To do
Using the data that follows, return exactly the lines from the one that contains "point P1 (38.1, 0)" through the one that contains "diameter of A3", ends included.

[Records provided Boundary: Start]

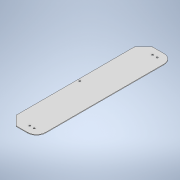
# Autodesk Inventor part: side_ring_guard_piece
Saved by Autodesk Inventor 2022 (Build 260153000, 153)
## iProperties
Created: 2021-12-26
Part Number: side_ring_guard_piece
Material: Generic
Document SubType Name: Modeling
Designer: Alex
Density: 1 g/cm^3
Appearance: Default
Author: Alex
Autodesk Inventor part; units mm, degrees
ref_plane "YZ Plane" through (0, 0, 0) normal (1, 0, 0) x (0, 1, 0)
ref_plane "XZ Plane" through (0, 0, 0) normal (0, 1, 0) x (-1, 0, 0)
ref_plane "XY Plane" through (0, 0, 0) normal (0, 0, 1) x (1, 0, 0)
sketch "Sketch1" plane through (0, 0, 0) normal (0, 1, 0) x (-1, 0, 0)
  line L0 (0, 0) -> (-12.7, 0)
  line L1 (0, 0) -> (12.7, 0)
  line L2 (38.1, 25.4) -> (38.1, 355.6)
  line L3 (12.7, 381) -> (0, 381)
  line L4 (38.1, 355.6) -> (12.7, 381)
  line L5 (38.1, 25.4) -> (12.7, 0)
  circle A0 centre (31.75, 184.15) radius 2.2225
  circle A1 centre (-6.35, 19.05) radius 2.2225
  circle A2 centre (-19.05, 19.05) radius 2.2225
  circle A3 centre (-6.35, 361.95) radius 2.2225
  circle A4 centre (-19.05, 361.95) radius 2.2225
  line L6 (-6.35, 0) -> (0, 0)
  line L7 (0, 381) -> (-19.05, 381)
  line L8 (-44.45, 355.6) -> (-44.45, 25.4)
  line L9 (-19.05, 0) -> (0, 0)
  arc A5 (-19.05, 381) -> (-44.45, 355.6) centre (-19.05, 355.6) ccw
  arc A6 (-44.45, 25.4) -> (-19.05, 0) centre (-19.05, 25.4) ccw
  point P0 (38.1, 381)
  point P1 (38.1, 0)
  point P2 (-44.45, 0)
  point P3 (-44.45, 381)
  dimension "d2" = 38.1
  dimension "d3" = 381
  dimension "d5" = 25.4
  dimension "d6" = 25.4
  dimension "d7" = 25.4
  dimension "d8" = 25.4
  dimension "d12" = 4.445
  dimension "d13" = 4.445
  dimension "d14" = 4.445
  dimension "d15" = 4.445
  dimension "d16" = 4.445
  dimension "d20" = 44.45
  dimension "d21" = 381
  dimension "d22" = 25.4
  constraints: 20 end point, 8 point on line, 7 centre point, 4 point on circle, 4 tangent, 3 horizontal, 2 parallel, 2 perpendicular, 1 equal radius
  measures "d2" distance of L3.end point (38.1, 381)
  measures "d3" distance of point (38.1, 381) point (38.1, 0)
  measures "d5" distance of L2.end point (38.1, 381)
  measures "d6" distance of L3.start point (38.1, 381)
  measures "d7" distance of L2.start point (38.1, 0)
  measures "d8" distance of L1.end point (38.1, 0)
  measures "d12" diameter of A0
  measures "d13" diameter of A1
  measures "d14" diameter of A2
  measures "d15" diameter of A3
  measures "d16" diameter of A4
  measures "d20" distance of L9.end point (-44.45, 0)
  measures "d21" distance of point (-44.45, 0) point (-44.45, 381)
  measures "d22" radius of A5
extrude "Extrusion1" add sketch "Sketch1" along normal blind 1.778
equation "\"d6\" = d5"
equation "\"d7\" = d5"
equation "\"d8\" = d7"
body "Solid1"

[Records provided Boundary: End]

Result below
  point P1 (38.1, 0)
  point P2 (-44.45, 0)
  point P3 (-44.45, 381)
  dimension "d2" = 38.1
  dimension "d3" = 381
  dimension "d5" = 25.4
  dimension "d6" = 25.4
  dimension "d7" = 25.4
  dimension "d8" = 25.4
  dimension "d12" = 4.445
  dimension "d13" = 4.445
  dimension "d14" = 4.445
  dimension "d15" = 4.445
  dimension "d16" = 4.445
  dimension "d20" = 44.45
  dimension "d21" = 381
  dimension "d22" = 25.4
  constraints: 20 end point, 8 point on line, 7 centre point, 4 point on circle, 4 tangent, 3 horizontal, 2 parallel, 2 perpendicular, 1 equal radius
  measures "d2" distance of L3.end point (38.1, 381)
  measures "d3" distance of point (38.1, 381) point (38.1, 0)
  measures "d5" distance of L2.end point (38.1, 381)
  measures "d6" distance of L3.start point (38.1, 381)
  measures "d7" distance of L2.start point (38.1, 0)
  measures "d8" distance of L1.end point (38.1, 0)
  measures "d12" diameter of A0
  measures "d13" diameter of A1
  measures "d14" diameter of A2
  measures "d15" diameter of A3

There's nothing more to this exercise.